What you have to do: Begin at the top of the records below and print each line exactly until the line containing "#39=CIRCLE('',#38,18.);" has been printed; any pictures are to be left out.

Extracted data entries:
=== Section Start ===

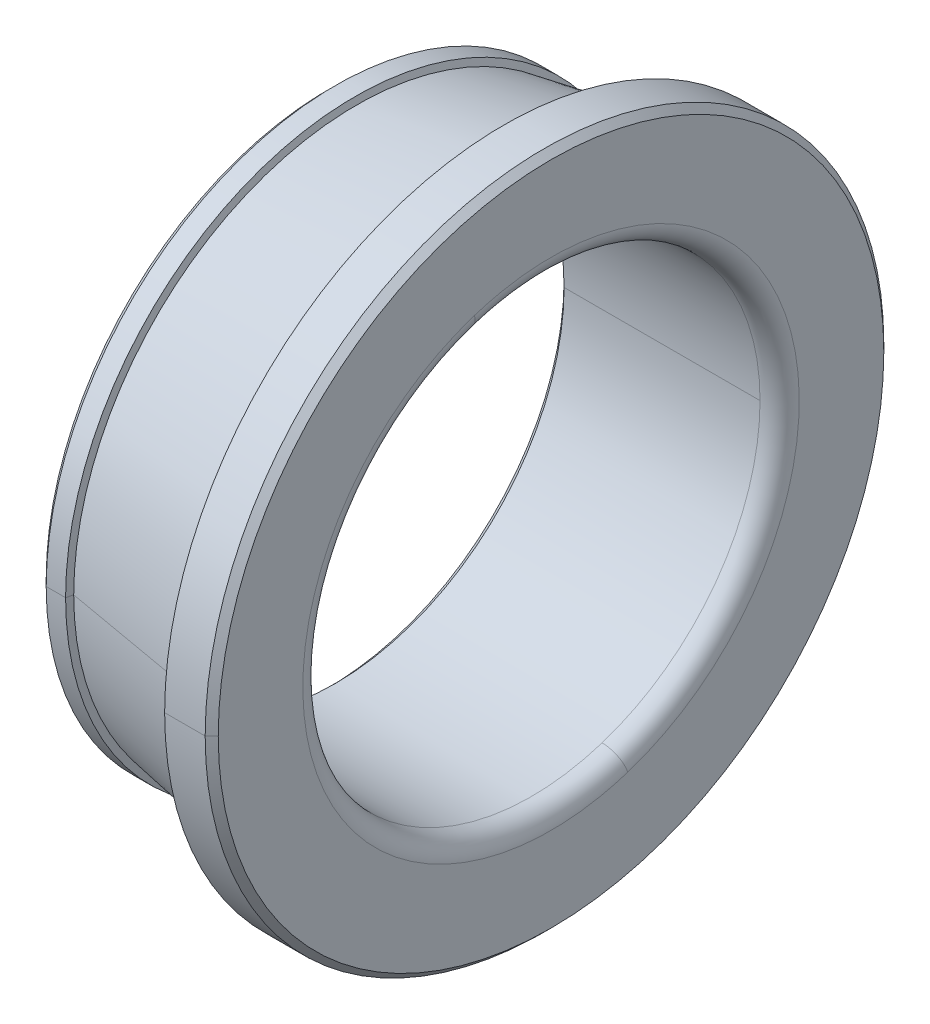
ISO-10303-21;
HEADER;
FILE_DESCRIPTION(('STEP AP214'),'2;1');
FILE_NAME('part.step','',(''),(''),'','','');
FILE_SCHEMA(('AUTOMOTIVE_DESIGN { 1 0 10303 214 1 1 1 1 }'));
ENDSEC;
DATA;
#1=APPLICATION_CONTEXT('core data for automotive mechanical design processes');
#2=APPLICATION_PROTOCOL_DEFINITION('international standard','automotive_design',2000,#1);
#3=PRODUCT_CONTEXT('',#1,'mechanical');
#4=PRODUCT('Part','Part','',(#3));
#5=PRODUCT_RELATED_PRODUCT_CATEGORY('part','',(#4));
#6=PRODUCT_DEFINITION_FORMATION('','',#4);
#7=PRODUCT_DEFINITION_CONTEXT('part definition',#1,'design');
#8=PRODUCT_DEFINITION('design','',#6,#7);
#9=PRODUCT_DEFINITION_SHAPE('','',#8);
#10=(LENGTH_UNIT() NAMED_UNIT(*) SI_UNIT(.MILLI.,.METRE.));
#11=(NAMED_UNIT(*) PLANE_ANGLE_UNIT() SI_UNIT($,.RADIAN.));
#12=(NAMED_UNIT(*) SI_UNIT($,.STERADIAN.) SOLID_ANGLE_UNIT());
#13=UNCERTAINTY_MEASURE_WITH_UNIT(LENGTH_MEASURE(1.E-05),#10,'distance_accuracy_value','');
#14=(GEOMETRIC_REPRESENTATION_CONTEXT(3) GLOBAL_UNCERTAINTY_ASSIGNED_CONTEXT((#13)) GLOBAL_UNIT_ASSIGNED_CONTEXT((#10,
#11,#12)) REPRESENTATION_CONTEXT('',''));
#15=CARTESIAN_POINT('',(0.,0.,0.));
#16=DIRECTION('',(0.,0.,1.));
#17=DIRECTION('',(1.,0.,0.));
#18=AXIS2_PLACEMENT_3D('',#15,#16,#17);
#19=CARTESIAN_POINT('',(1.25,21.646,0.));
#20=DIRECTION('',(-1.,0.,0.));
#21=DIRECTION('',(0.,0.,1.));
#22=AXIS2_PLACEMENT_3D('',#19,#20,#21);
#23=PLANE('',#22);
#24=CARTESIAN_POINT('',(1.25,0.,0.));
#25=DIRECTION('',(1.,0.,0.));
#26=DIRECTION('',(0.,0.,-1.));
#27=AXIS2_PLACEMENT_3D('',#24,#25,#26);
#28=CIRCLE('',#27,18.);
#29=CARTESIAN_POINT('',(1.25,0.,-18.));
#30=VERTEX_POINT('',#29);
#31=CARTESIAN_POINT('',(1.25,0.,18.));
#32=VERTEX_POINT('',#31);
#33=EDGE_CURVE('E11',#30,#32,#28,.T.);
#34=ORIENTED_EDGE('',*,*,#33,.T.);
#35=CARTESIAN_POINT('',(1.25,0.,0.));
#36=DIRECTION('',(1.,0.,0.));
#37=DIRECTION('',(0.,0.,-1.));
#38=AXIS2_PLACEMENT_3D('',#35,#36,#37);
#39=CIRCLE('',#38,18.);
#40=EDGE_CURVE('E25',#32,#30,#39,.T.);
#41=ORIENTED_EDGE('',*,*,#40,.T.);
#42=EDGE_LOOP('',(#34,#41));
#43=FACE_BOUND('',#42,.T.);
#44=CARTESIAN_POINT('',(1.25,0.,0.));
#45=DIRECTION('',(1.,0.,0.));
#46=DIRECTION('',(0.,0.,-1.));
#47=AXIS2_PLACEMENT_3D('',#44,#45,#46);
#48=CIRCLE('',#47,21.646);
#49=CARTESIAN_POINT('',(1.25,0.,21.646));
#50=VERTEX_POINT('',#49);
#51=CARTESIAN_POINT('',(1.25,0.,-21.646));
#52=VERTEX_POINT('',#51);
#53=EDGE_CURVE('E371',#50,#52,#48,.T.);
#54=ORIENTED_EDGE('',*,*,#53,.F.);
#55=CARTESIAN_POINT('',(1.25,0.,0.));
#56=DIRECTION('',(1.,0.,0.));
#57=DIRECTION('',(0.,0.,-1.));
#58=AXIS2_PLACEMENT_3D('',#55,#56,#57);
#59=CIRCLE('',#58,21.646);
#60=EDGE_CURVE('E366',#52,#50,#59,.T.);
#61=ORIENTED_EDGE('',*,*,#60,.F.);
#62=EDGE_LOOP('',(#54,#61));
#63=FACE_BOUND('',#62,.T.);
#64=ADVANCED_FACE('F17',(#43,#63),#23,.T.);
#65=CARTESIAN_POINT('',(1.75,0.,0.));
#66=DIRECTION('',(1.,0.,0.));
#67=DIRECTION('',(0.,-1.,0.));
#68=AXIS2_PLACEMENT_3D('',#65,#66,#67);
#69=CONICAL_SURFACE('',#68,22.146,0.785398163397448);
#70=DIRECTION('',(0.707106781186548,0.,0.707106781186548));
#71=VECTOR('',#70,1.);
#72=CARTESIAN_POINT('',(1.25,0.,21.646));
#73=LINE('',#72,#71);
#74=CARTESIAN_POINT('',(1.75,0.,22.146));
#75=VERTEX_POINT('',#74);
#76=EDGE_CURVE('E362',#50,#75,#73,.T.);
#77=ORIENTED_EDGE('',*,*,#76,.T.);
#78=CARTESIAN_POINT('',(1.75,0.,0.));
#79=DIRECTION('',(1.,0.,0.));
#80=DIRECTION('',(0.,0.,-1.));
#81=AXIS2_PLACEMENT_3D('',#78,#79,#80);
#82=CIRCLE('',#81,22.146);
#83=CARTESIAN_POINT('',(1.75,0.,-22.146));
#84=VERTEX_POINT('',#83);
#85=EDGE_CURVE('E357',#84,#75,#82,.T.);
#86=ORIENTED_EDGE('',*,*,#85,.F.);
#87=DIRECTION('',(0.707106781186548,0.,-0.707106781186548));
#88=VECTOR('',#87,1.);
#89=CARTESIAN_POINT('',(1.25,0.,-21.646));
#90=LINE('',#89,#88);
#91=EDGE_CURVE('E352',#52,#84,#90,.T.);
#92=ORIENTED_EDGE('',*,*,#91,.F.);
#93=ORIENTED_EDGE('',*,*,#60,.T.);
#94=EDGE_LOOP('',(#77,#86,#92,#93));
#95=FACE_BOUND('',#94,.T.);
#96=ADVANCED_FACE('F387',(#95),#69,.T.);
#97=CARTESIAN_POINT('',(1.75,0.,0.));
#98=DIRECTION('',(1.,0.,0.));
#99=DIRECTION('',(0.,1.,0.));
#100=AXIS2_PLACEMENT_3D('',#97,#98,#99);
#101=CONICAL_SURFACE('',#100,22.146,0.785398163397448);
#102=ORIENTED_EDGE('',*,*,#76,.F.);
#103=ORIENTED_EDGE('',*,*,#53,.T.);
#104=ORIENTED_EDGE('',*,*,#91,.T.);
#105=CARTESIAN_POINT('',(1.75,0.,0.));
#106=DIRECTION('',(1.,0.,0.));
#107=DIRECTION('',(0.,0.,-1.));
#108=AXIS2_PLACEMENT_3D('',#105,#106,#107);
#109=CIRCLE('',#108,22.146);
#110=EDGE_CURVE('E347',#75,#84,#109,.T.);
#111=ORIENTED_EDGE('',*,*,#110,.F.);
#112=EDGE_LOOP('',(#102,#103,#104,#111));
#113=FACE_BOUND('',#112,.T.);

=== Section End ===

Answer to the exercise:
ISO-10303-21;
HEADER;
FILE_DESCRIPTION(('STEP AP214'),'2;1');
FILE_NAME('part.step','',(''),(''),'','','');
FILE_SCHEMA(('AUTOMOTIVE_DESIGN { 1 0 10303 214 1 1 1 1 }'));
ENDSEC;
DATA;
#1=APPLICATION_CONTEXT('core data for automotive mechanical design processes');
#2=APPLICATION_PROTOCOL_DEFINITION('international standard','automotive_design',2000,#1);
#3=PRODUCT_CONTEXT('',#1,'mechanical');
#4=PRODUCT('Part','Part','',(#3));
#5=PRODUCT_RELATED_PRODUCT_CATEGORY('part','',(#4));
#6=PRODUCT_DEFINITION_FORMATION('','',#4);
#7=PRODUCT_DEFINITION_CONTEXT('part definition',#1,'design');
#8=PRODUCT_DEFINITION('design','',#6,#7);
#9=PRODUCT_DEFINITION_SHAPE('','',#8);
#10=(LENGTH_UNIT() NAMED_UNIT(*) SI_UNIT(.MILLI.,.METRE.));
#11=(NAMED_UNIT(*) PLANE_ANGLE_UNIT() SI_UNIT($,.RADIAN.));
#12=(NAMED_UNIT(*) SI_UNIT($,.STERADIAN.) SOLID_ANGLE_UNIT());
#13=UNCERTAINTY_MEASURE_WITH_UNIT(LENGTH_MEASURE(1.E-05),#10,'distance_accuracy_value','');
#14=(GEOMETRIC_REPRESENTATION_CONTEXT(3) GLOBAL_UNCERTAINTY_ASSIGNED_CONTEXT((#13)) GLOBAL_UNIT_ASSIGNED_CONTEXT((#10,
#11,#12)) REPRESENTATION_CONTEXT('',''));
#15=CARTESIAN_POINT('',(0.,0.,0.));
#16=DIRECTION('',(0.,0.,1.));
#17=DIRECTION('',(1.,0.,0.));
#18=AXIS2_PLACEMENT_3D('',#15,#16,#17);
#19=CARTESIAN_POINT('',(1.25,21.646,0.));
#20=DIRECTION('',(-1.,0.,0.));
#21=DIRECTION('',(0.,0.,1.));
#22=AXIS2_PLACEMENT_3D('',#19,#20,#21);
#23=PLANE('',#22);
#24=CARTESIAN_POINT('',(1.25,0.,0.));
#25=DIRECTION('',(1.,0.,0.));
#26=DIRECTION('',(0.,0.,-1.));
#27=AXIS2_PLACEMENT_3D('',#24,#25,#26);
#28=CIRCLE('',#27,18.);
#29=CARTESIAN_POINT('',(1.25,0.,-18.));
#30=VERTEX_POINT('',#29);
#31=CARTESIAN_POINT('',(1.25,0.,18.));
#32=VERTEX_POINT('',#31);
#33=EDGE_CURVE('E11',#30,#32,#28,.T.);
#34=ORIENTED_EDGE('',*,*,#33,.T.);
#35=CARTESIAN_POINT('',(1.25,0.,0.));
#36=DIRECTION('',(1.,0.,0.));
#37=DIRECTION('',(0.,0.,-1.));
#38=AXIS2_PLACEMENT_3D('',#35,#36,#37);
#39=CIRCLE('',#38,18.);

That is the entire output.